Mechanistic study on the regioselectivity of Co-catalyzed hydroacylation of 1,3-dienes

Density functional theory (DFT) method was used to explore the origin of the regioselectivity of Co-catalyzed hydroacylation of 1,3-dienes. The reaction of 2-methyl-1,3-butadiene and benzaldehyde with 1,3-bis(diphenylphosphino)propane ligand was chosen as the model reaction. The energies of the intermediates and transition states in the stages of oxidative cyclization, β-H elimination and C-H reductive elimination were investigated. Computational results show that β-H elimination is the rate-determining step for the whole catalytic cycle. C1-Selective oxidative cyclization is favored over C4-selective oxidative cyclization. Besides, C4-selective oxidative cyclization is kinetically disfavored than all the steps in C1-hydroacylation mechanisms, consistent with the experimentally obtained C1-selective hydroacylation products.

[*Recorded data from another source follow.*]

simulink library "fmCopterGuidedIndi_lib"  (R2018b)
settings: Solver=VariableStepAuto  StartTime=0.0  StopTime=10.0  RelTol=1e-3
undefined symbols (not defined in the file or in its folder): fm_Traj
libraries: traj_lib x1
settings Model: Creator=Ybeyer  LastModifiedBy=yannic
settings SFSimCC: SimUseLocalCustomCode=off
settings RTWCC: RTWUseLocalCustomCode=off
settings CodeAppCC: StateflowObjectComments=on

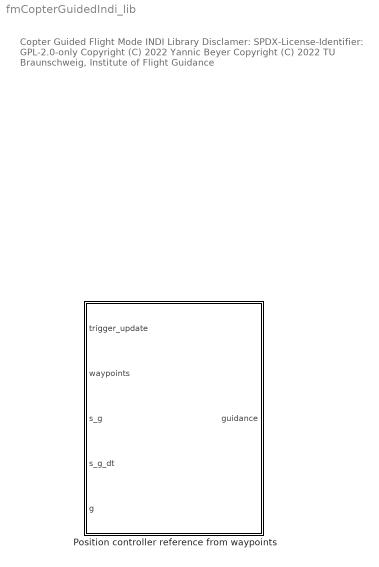
== system fmCopterGuidedIndi_lib ==
  note: Copter Guided Flight Mode INDI Library
      |
      | Disclamer:
      | SPDX-License-Identifier: GPL-2.0-only
      |
      | Copyright (C) 2022 Yannic Beyer
      | Copyright (C) 2022 TU Braunschweig, Institute of Flight Guidance
  Position controller reference from waypoints : Subsystem  mask{fm=fm_Traj, T_inner_loop=0.1}
      mask prompts: fm "Guided flight mode parameters struct, see fmCopterGuidedIndi_params_default"; T_inner_loop "Inner loop time constant seen by position controller, in s"
      mask init:
      | % Create emptry trajectory with a maximum space for 10 waypoints
      | [traj_empty] = trajInit(fm.traj.wpmax, fm.traj.degree);
      | 
      | % Create simulink bus definition
      | assignin('base','trajectoryBus', struct2bus_(traj_empty));
      mask DialogControl DescGroupVar Prompt: Position controller reference from waypoints
      mask DialogControl DescTextVar Prompt: Waypoints are connected by splines. The shortest distance to the desired flight path is computed. Then the corresponding desired position, velocity and acceleration are computed based on the desired flight-path velocity.

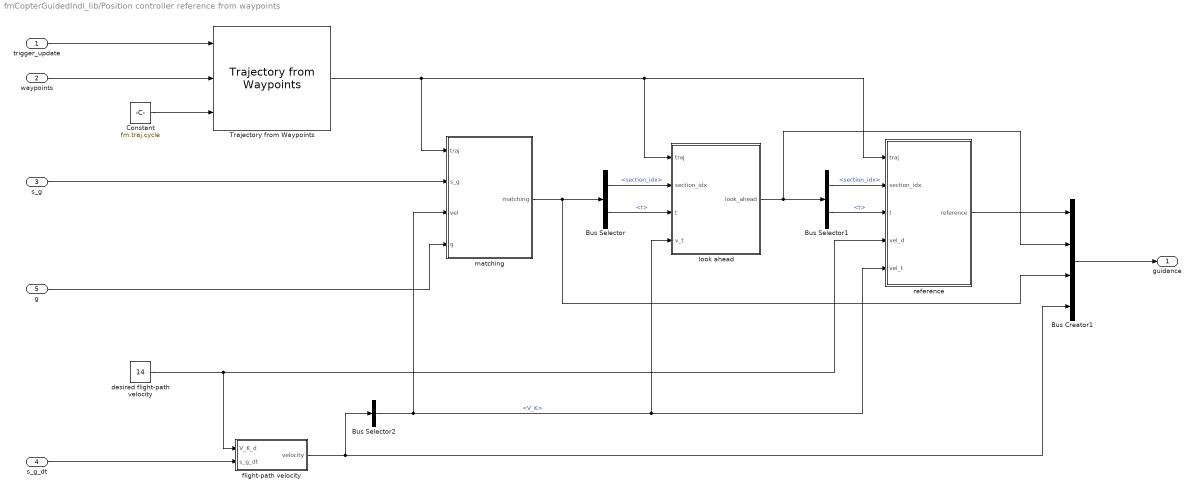
== system fmCopterGuidedIndi_lib/Position controller reference from waypoints ==
  trigger_update : Inport
  waypoints : Inport  Port=2
  s_g : Inport  Port=3
  s_g_dt : Inport  Port=4
  g : Inport  Port=5
  Bus Creator1 : BusCreator  Inputs=4
  Bus Selector : BusSelector  OutputSignals=section_idx,t
  Bus Selector1 : BusSelector  OutputSignals=section_idx,t
  Bus Selector2 : BusSelector  OutputSignals=V_K
  Constant : Constant  Value=fm.traj.cycle
  Trajectory from Waypoints : traj_lib/Trajectory from Waypoints  traj_empty=traj_empty
      settings: SourceProductName=LADAC
  desired flight-path velocity : Constant  Value=14
  flight-path velocity : Subsystem
  look ahead : Subsystem
  matching : Subsystem
  reference : Subsystem
  guidance : Outport
  wires:
  waypoints/1 -> Trajectory from Waypoints/2
  g/1 -> matching/4(g)
  Constant/1 -> Trajectory from Waypoints/3
  trigger_update/1 -> Trajectory from Waypoints/1
  Trajectory from Waypoints/1 -> look ahead/1(traj), reference/1(traj), matching/1(traj)
  s_g/1 -> matching/2(s_g)
  matching/1(matching) -> Bus Creator1/3, Bus Selector/1
  desired flight-path velocity/1 -> flight-path velocity/1(V_K_d), reference/4(vel_d)
  look ahead/1(look_ahead) -> Bus Creator1/2, Bus Selector1/1
  reference/1(reference) -> Bus Creator1/1
  Bus Selector/1 -> look ahead/2(section_idx)  "<section_idx>"
  Bus Selector/2 -> look ahead/3(t)  "<t>"
  Bus Selector1/1 -> reference/2(section_idx)  "<section_idx>"
  Bus Selector1/2 -> reference/3(t)  "<t>"
  Bus Creator1/1 -> guidance/1
  s_g_dt/1 -> flight-path velocity/2(s_g_dt)
  flight-path velocity/1(velocity) -> Bus Creator1/4, Bus Selector2/1
  Bus Selector2/1 -> matching/3(vel), reference/5(vel_t), look ahead/4(v_t)  "<V_K>"

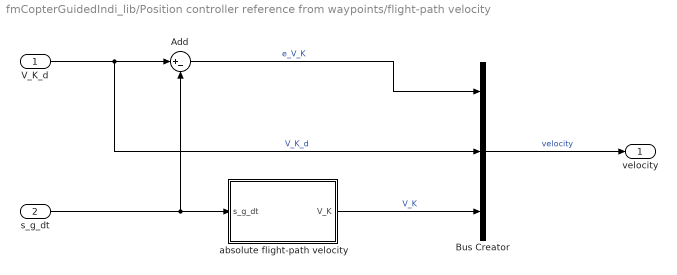
== system fmCopterGuidedIndi_lib/Position controller reference from waypoints/flight-path velocity ==
  V_K_d : Inport
  s_g_dt : Inport  Port=2
  Add : Sum  Inputs=|+-
  Bus Creator : BusCreator  Inputs=3
  absolute flight-path velocity : Subsystem
  velocity : Outport
  wires:
  s_g_dt/1 -> absolute flight-path velocity/1(s_g_dt), Add/2
  absolute flight-path velocity/1(V_K) -> Bus Creator/3  "V_K"
  V_K_d/1 -> Bus Creator/2, Add/1  "V_K_d"
  Bus Creator/1 -> velocity/1  "velocity"
  Add/1 -> Bus Creator/1  "e_V_K"

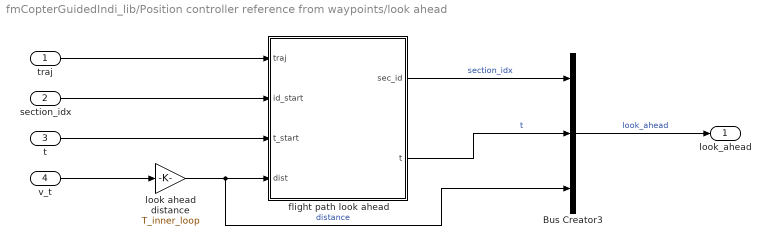
== system fmCopterGuidedIndi_lib/Position controller reference from waypoints/look ahead ==
  traj : Inport
  section_idx : Inport  Port=2
  t : Inport  Port=3
  v_t : Inport  Port=4
  Bus Creator3 : BusCreator  Inputs=3
  flight path look ahead : MATLAB Function  TreatAsAtomicUnit=on
  look ahead distance : Gain  Gain=T_inner_loop
  look_ahead : Outport
  wires:
  v_t/1 -> look ahead distance/1
  flight path look ahead/2(t) -> Bus Creator3/2  "t"
  Bus Creator3/1 -> look_ahead/1  "look_ahead"
  section_idx/1 -> flight path look ahead/2(id_start)
  traj/1 -> flight path look ahead/1(traj)
  flight path look ahead/1(sec_id) -> Bus Creator3/1  "section_idx"
  t/1 -> flight path look ahead/3(t_start)
  look ahead distance/1 -> Bus Creator3/3, flight path look ahead/4(dist)  "distance"

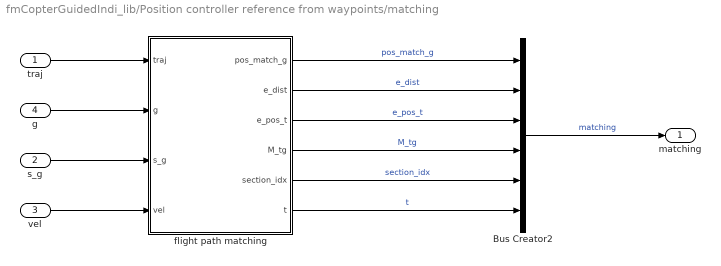
== system fmCopterGuidedIndi_lib/Position controller reference from waypoints/matching ==
  traj : Inport
  s_g : Inport  Port=2
  vel : Inport  Port=3
  g : Inport  Port=4
  Bus Creator2 : BusCreator  Inputs=6
  flight path matching : MATLAB Function  TreatAsAtomicUnit=on
  matching : Outport
  wires:
  flight path matching/5(section_idx) -> Bus Creator2/5  "section_idx"
  traj/1 -> flight path matching/1(traj)
  flight path matching/3(e_pos_t) -> Bus Creator2/3  "e_pos_t"
  flight path matching/6(t) -> Bus Creator2/6  "t"
  g/1 -> flight path matching/2(g)
  flight path matching/1(pos_match_g) -> Bus Creator2/1  "pos_match_g"
  vel/1 -> flight path matching/4(vel)
  flight path matching/2(e_dist) -> Bus Creator2/2  "e_dist"
  s_g/1 -> flight path matching/3(s_g)
  Bus Creator2/1 -> matching/1  "matching"
  flight path matching/4(M_tg) -> Bus Creator2/4  "M_tg"

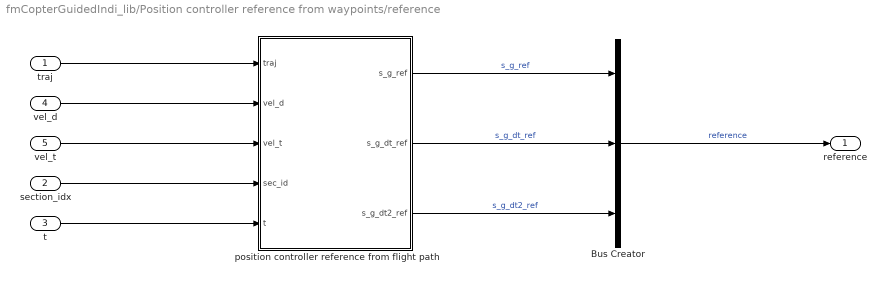
== system fmCopterGuidedIndi_lib/Position controller reference from waypoints/reference ==
  traj : Inport
  section_idx : Inport  Port=2
  t : Inport  Port=3
  vel_d : Inport  Port=4
  vel_t : Inport  Port=5
  Bus Creator : BusCreator  Inputs=3
  position controller reference from flight path : MATLAB Function  TreatAsAtomicUnit=on
  reference : Outport
  wires:
  position controller reference from flight path/1(s_g_ref) -> Bus Creator/1  "s_g_ref"
  vel_d/1 -> position controller reference from flight path/2(vel_d)
  position controller reference from flight path/2(s_g_dt_ref) -> Bus Creator/2  "s_g_dt_ref"
  t/1 -> position controller reference from flight path/5(t)
  position controller reference from flight path/3(s_g_dt2_ref) -> Bus Creator/3  "s_g_dt2_ref"
  traj/1 -> position controller reference from flight path/1(traj)
  Bus Creator/1 -> reference/1  "reference"
  section_idx/1 -> position controller reference from flight path/4(sec_id)
  vel_t/1 -> position controller reference from flight path/3(vel_t)

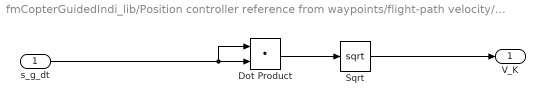
== system fmCopterGuidedIndi_lib/Position controller reference from waypoints/flight-path velocity/absolute flight-path velocity ==
  s_g_dt : Inport
  Dot Product : DotProduct  InputSameDT=on  OutDataTypeStr=Inherit: Inherit via internal rule
  Sqrt : Sqrt  SaturateOnIntegerOverflow=on
  V_K : Outport
  wires:
  Dot Product/1 -> Sqrt/1
  Sqrt/1 -> V_K/1
  s_g_dt/1 -> Dot Product/1, Dot Product/2

== matlab function fmCopterGuidedIndi_lib/Position controller reference from waypoints/reference/position controller reference from flight path ==
  data: traj input; vel_d input; vel_t input; s_g_ref output size=3; s_g_dt_ref output; sec_id input; t input; s_g_dt2_ref output
function [s_g_ref,s_g_dt_ref,s_g_dt2_ref] = fcn(traj, vel_d, vel_t, sec_id, t)
traj_section = trajGetSection(traj,sec_id);
s_g_ref = trajSectionGetPos(traj_section,t);
s_g_dt_ref = trajSectionGetVel(traj_section,vel_d,t);
s_g_dt2_ref = trajSectionGetAcc(traj_section,vel_t,0, t);
end

== matlab function fmCopterGuidedIndi_lib/Position controller reference from waypoints/look ahead/flight path look ahead ==
  data: traj input; sec_id output size=1; id_start input size=1; t_start input; dist input; t output size=1
function [sec_id,t] = trajSweepAlong(traj,id_start,t_start,dist)
[sec_id, t] = trajSweepAlong(traj,id_start,t_start,dist);
end

== matlab function fmCopterGuidedIndi_lib/Position controller reference from waypoints/matching/flight path matching ==
  data: pos_match_g output; e_dist output; e_pos_t output; M_tg output; traj input size=1; section_idx output size=1; g input size=1; s_g input size=3; vel input size=1; t output size=1
function [pos_match_g, e_dist, e_pos_t, M_tg, section_idx, t]  = fcn(traj, g, s_g, vel)

    [section_idx, e_dist, t] = trajGetMatch(traj, s_g);
    
    traj_section   = trajGetSection(traj, section_idx);
    
    pos_match_g = trajSectionGetPos(traj_section,t);
    
    [T, B, N, ~, ~] = trajSectionGetFrenetSerretWithGravity(traj_section, vel, g, t);
    M_tg = [T, B, -N]';
         
    e_pos_t = M_tg * (pos_match_g - s_g);  
    
end
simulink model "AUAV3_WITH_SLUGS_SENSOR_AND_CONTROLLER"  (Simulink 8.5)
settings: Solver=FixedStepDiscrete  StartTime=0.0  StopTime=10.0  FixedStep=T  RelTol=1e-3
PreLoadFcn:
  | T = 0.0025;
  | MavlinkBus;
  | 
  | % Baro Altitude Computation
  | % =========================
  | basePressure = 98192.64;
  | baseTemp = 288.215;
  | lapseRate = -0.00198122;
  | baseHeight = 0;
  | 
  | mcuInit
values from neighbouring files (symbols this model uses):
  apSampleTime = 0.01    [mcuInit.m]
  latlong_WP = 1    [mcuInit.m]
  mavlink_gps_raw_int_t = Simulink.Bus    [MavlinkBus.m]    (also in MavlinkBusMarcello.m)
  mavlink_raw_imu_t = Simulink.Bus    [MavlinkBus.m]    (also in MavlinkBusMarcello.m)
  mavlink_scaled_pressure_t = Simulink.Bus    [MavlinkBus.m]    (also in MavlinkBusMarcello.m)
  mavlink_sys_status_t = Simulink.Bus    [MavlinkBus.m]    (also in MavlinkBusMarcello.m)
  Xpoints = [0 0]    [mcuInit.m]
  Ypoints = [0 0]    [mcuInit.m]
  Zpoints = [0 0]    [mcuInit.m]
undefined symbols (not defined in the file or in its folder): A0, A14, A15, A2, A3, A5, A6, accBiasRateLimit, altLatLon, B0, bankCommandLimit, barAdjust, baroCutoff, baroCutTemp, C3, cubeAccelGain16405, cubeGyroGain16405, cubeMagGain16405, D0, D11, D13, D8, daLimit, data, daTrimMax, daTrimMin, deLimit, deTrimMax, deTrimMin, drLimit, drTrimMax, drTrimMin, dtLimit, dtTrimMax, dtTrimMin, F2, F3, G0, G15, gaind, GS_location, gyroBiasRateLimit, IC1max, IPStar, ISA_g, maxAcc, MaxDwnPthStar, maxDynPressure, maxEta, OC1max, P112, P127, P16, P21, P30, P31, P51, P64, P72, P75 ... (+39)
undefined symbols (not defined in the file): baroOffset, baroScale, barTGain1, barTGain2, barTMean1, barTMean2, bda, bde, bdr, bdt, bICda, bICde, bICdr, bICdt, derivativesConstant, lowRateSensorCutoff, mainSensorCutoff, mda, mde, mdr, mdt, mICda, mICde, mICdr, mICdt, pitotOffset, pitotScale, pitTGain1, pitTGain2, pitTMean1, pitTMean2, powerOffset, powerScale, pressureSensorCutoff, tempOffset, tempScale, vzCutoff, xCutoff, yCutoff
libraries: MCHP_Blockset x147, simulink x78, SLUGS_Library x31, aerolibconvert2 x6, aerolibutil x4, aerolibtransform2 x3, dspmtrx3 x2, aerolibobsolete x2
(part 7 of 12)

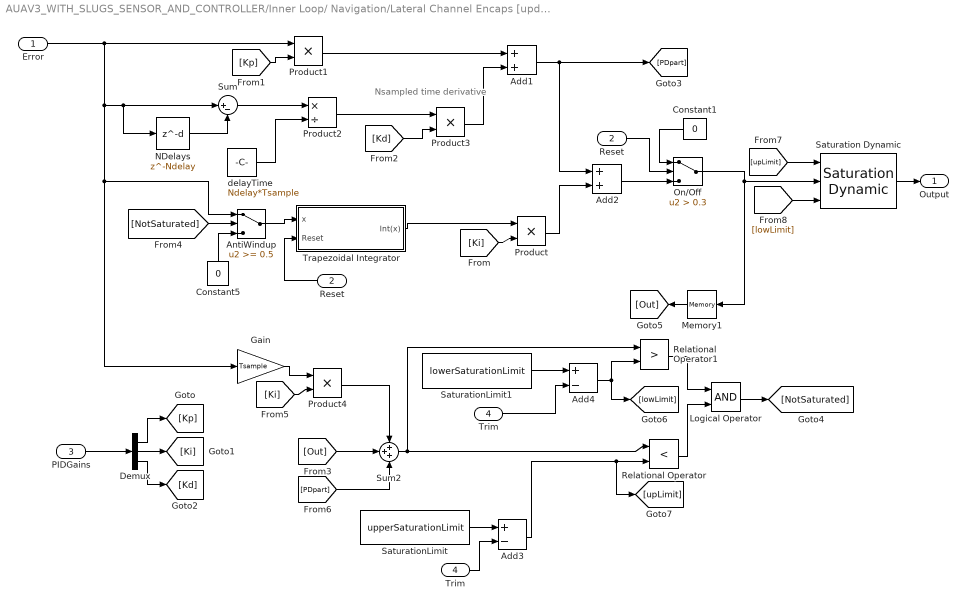
== system AUAV3_WITH_SLUGS_SENSOR_AND_CONTROLLER/Inner Loop/ Navigation/Lateral Channel Encaps [updated 4.28.16]/Lateral Channel/Roll Control [PID] ==
  note: Nsampled time derivative
  Error : Inport
  Reset : Inport  Port=2
  PIDGains : Inport  Port=3
  Trim : Inport  Port=4
  Add1 : Sum
  Add2 : Sum  OutDataTypeStr=single
  Add3 : Sum  Inputs=+-  OutDataTypeStr=single
  Add4 : Sum  Inputs=+-  OutDataTypeStr=single
  AntiWindup : Switch  Threshold=0.5
  Constant1 : Constant  Value=0  OutDataTypeStr=single
  Constant5 : Constant  Value=0  OutDataTypeStr=single
  Demux : Demux  Outputs=3
  Gain : Gain  Gain=Tsample
  Logical Operator : Logic  AllPortsSameDT=off  OutDataTypeStr=boolean
  Memory1 : Memory  InheritSampleTime=on
  NDelays : Delay  DelayLength=Ndelay  InputProcessing=Inherited  SampleTime=Tsample
  On/Off : Switch  Criteria=u2 > Threshold  Threshold=0.3
  Product{,1,3..4} (4 alike) : Product  RndMeth=Zero
  Product2 : Product  Inputs=*/  RndMeth=Zero
  Relational Operator : RelationalOperator  Operator=<  OutDataTypeStr=boolean
  Relational Operator1 : RelationalOperator  Operator=>  OutDataTypeStr=boolean
  "Reset " : InportShadow  Port=2
  Saturation Dynamic : simulink/Discontinuities/Saturation Dynamic  OutMin=[]  OutMax=[]  OutDataTypeStr=Inherit: Same as second input  OutDataType=fixdt(1, 16)  OutScaling=2^-10  DoSatur=off
  SaturationLimit : Constant  Value=upperSaturationLimit  OutDataTypeStr=single
  SaturationLimit1 : Constant  Value=lowerSaturationLimit  OutDataTypeStr=single
  Sum : Sum  Inputs=|+-
  Sum2 : Sum  Inputs=+++
  Trapezoidal Integrator : Subsystem  mask{T=Tsample}
      mask prompts: T "Sample Time"
  "Trim " : InportShadow  Port=4
  delayTime : Constant  Value=Ndelay*Tsample  OutDataTypeStr=single
  Output : Outport
  wires:
  On/Off/1 -> Memory1/1, Saturation Dynamic/2
  Constant1/1 -> On/Off/1
  "Reset "/1 -> On/Off/2
  Add2/1 -> On/Off/3
  [NotSaturated] -> AntiWindup/2
  Saturation Dynamic/1 -> Output/1
  Product2/1 -> Product3/1
  [Kd] -> Product3/2
  delayTime/1 -> Product2/2
  Sum/1 -> Product2/1
  NDelays/1 -> Sum/2
  [Kp] -> Product1/2
  Trapezoidal Integrator/1(Int(x)) -> Product/1
  [Ki] -> Product/2
  Error/1 -> Product1/1, Sum/1, NDelays/1, AntiWindup/1, Gain/1
  AntiWindup/1 -> Trapezoidal Integrator/1(x)
  Constant5/1 -> AntiWindup/3
  Demux/3 -> [Kd]
  Demux/2 -> [Ki]
  Demux/1 -> [Kp]
  PIDGains/1 -> Demux/1
  Memory1/1 -> [Out]
  Reset/1 -> Trapezoidal Integrator/2(Reset)
  Product1/1 -> Add1/1
  Product3/1 -> Add1/2
  Add1/1 -> [PDpart], Add2/1
  Product/1 -> Add2/2
  [PDpart] -> Sum2/3
  Product4/1 -> Sum2/1
  Gain/1 -> Product4/1
  [Ki] -> Product4/2
  Sum2/1 -> Relational Operator/1, Relational Operator1/1
  [Out] -> Sum2/2
  Add3/1 -> Relational Operator/2, [upLimit]
  Relational Operator/1 -> Logical Operator/2
  Relational Operator1/1 -> Logical Operator/1
  Logical Operator/1 -> [NotSaturated]
  Trim/1 -> Add3/2
  SaturationLimit/1 -> Add3/1
  Add4/1 -> Relational Operator1/2, [lowLimit]
  SaturationLimit1/1 -> Add4/1
  "Trim "/1 -> Add4/2
  [upLimit] -> Saturation Dynamic/1
  [lowLimit] -> Saturation Dynamic/3

== system AUAV3_WITH_SLUGS_SENSOR_AND_CONTROLLER/Inner Loop/ Navigation/Lateral Channel Encaps [updated 4.28.16]/Lateral Channel/Sideslip Compensation ==
  phi_m : Inport
  r_m : Inport  Port=2
  U_m : Inport  Port=3
  Enable : EnablePort  StatesWhenEnabling=reset
  Bank to Psi Dot : Subsystem  AncestorBlock=SLUGS_Library/Navigation/Bank to Psi Dot
  Constant : Constant  Value=0.3  OutDataTypeStr=single
  Low Pass : Subsystem
      mask Display:
      | droots([],'-a','a')
      | port_label('input',1,'a')
      | port_label('input',2,'u')
      | port_label('output',1,'y')
  Protect NaNs2 : Subsystem
  Subtract : Sum  Inputs=+-
  psi_dot to Bank : Subsystem  AncestorBlock=SLUGS_Library/Navigation/psi_dot to Bank
  bankComp : Outport  OutputWhenDisabled=reset  InitialOutput=0
  wires:
  Protect NaNs2/1(Out1) -> Low Pass/2(u)
  phi_m/1 -> Bank to Psi Dot/1(phi_c)
  r_m/1 -> Subtract/2
  U_m/1 -> Bank to Psi Dot/2(U_m), psi_dot to Bank/2(U_m)
  Bank to Psi Dot/1(psi_dot_c) -> Subtract/1  "coord turn"
  Subtract/1 -> psi_dot to Bank/1(psi_dot_c)  "turn rate error"
  psi_dot to Bank/1(phi_c) -> Protect NaNs2/1(In1)  "phi error"
  Low Pass/1(y) -> bankComp/1
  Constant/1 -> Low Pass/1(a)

Analyzing the reason for such observation, we suggest that both electronic and steric effects contribute to the C1-selectivity. On the electronic aspect, C1 is more electron rich than C4 due to the methyl group on C2, which makes the electrophilic attack of aldehyde carbon on C1 more favorable. On the steric aspect, the methyl group locates farther from the ligands in the transition state of C1-selective oxidative cyclization than in that of C4-selective oxidative cyclization.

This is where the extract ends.